### [What the exercise asks]
Restate each entry below without changing a word.

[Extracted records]
--
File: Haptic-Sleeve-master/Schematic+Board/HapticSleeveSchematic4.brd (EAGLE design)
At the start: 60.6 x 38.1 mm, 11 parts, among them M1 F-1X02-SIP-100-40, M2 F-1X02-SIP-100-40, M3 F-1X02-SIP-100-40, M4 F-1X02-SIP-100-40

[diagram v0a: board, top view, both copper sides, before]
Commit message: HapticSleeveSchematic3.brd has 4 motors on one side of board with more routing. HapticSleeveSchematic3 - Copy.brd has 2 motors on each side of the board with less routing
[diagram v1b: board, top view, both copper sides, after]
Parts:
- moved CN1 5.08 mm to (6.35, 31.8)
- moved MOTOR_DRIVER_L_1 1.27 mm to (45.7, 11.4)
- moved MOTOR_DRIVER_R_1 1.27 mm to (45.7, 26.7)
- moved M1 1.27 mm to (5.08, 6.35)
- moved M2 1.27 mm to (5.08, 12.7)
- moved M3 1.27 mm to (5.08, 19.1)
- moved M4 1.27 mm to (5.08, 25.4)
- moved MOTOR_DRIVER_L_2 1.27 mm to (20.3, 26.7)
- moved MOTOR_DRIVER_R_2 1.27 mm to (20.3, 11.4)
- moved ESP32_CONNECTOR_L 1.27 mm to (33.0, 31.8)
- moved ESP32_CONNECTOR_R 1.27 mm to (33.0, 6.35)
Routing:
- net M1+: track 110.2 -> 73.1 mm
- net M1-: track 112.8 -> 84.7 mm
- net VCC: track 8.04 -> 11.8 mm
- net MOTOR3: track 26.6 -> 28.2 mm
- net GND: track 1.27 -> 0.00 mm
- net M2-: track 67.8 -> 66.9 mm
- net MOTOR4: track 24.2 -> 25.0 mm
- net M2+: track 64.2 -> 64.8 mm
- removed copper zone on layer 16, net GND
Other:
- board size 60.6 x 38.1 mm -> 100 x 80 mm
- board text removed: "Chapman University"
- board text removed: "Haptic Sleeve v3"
--
### [Answer to this problem]
File: Haptic-Sleeve-master/Schematic+Board/HapticSleeveSchematic4.brd (EAGLE design)
At the start: 60.6 x 38.1 mm, 11 parts, among them M1 F-1X02-SIP-100-40, M2 F-1X02-SIP-100-40, M3 F-1X02-SIP-100-40, M4 F-1X02-SIP-100-40

[diagram v0a: board, top view, both copper sides, before]
Commit message: HapticSleeveSchematic3.brd has 4 motors on one side of board with more routing. HapticSleeveSchematic3 - Copy.brd has 2 motors on each side of the board with less routing
[diagram v1b: board, top view, both copper sides, after]
Parts:
- moved CN1 5.08 mm to (6.35, 31.8)
- moved MOTOR_DRIVER_L_1 1.27 mm to (45.7, 11.4)
- moved MOTOR_DRIVER_R_1 1.27 mm to (45.7, 26.7)
- moved M1 1.27 mm to (5.08, 6.35)
- moved M2 1.27 mm to (5.08, 12.7)
- moved M3 1.27 mm to (5.08, 19.1)
- moved M4 1.27 mm to (5.08, 25.4)
- moved MOTOR_DRIVER_L_2 1.27 mm to (20.3, 26.7)
- moved MOTOR_DRIVER_R_2 1.27 mm to (20.3, 11.4)
- moved ESP32_CONNECTOR_L 1.27 mm to (33.0, 31.8)
- moved ESP32_CONNECTOR_R 1.27 mm to (33.0, 6.35)
Routing:
- net M1+: track 110.2 -> 73.1 mm
- net M1-: track 112.8 -> 84.7 mm
- net VCC: track 8.04 -> 11.8 mm
- net MOTOR3: track 26.6 -> 28.2 mm
- net GND: track 1.27 -> 0.00 mm
- net M2-: track 67.8 -> 66.9 mm
- net MOTOR4: track 24.2 -> 25.0 mm
- net M2+: track 64.2 -> 64.8 mm
- removed copper zone on layer 16, net GND
Other:
- board size 60.6 x 38.1 mm -> 100 x 80 mm
- board text removed: "Chapman University"
- board text removed: "Haptic Sleeve v3"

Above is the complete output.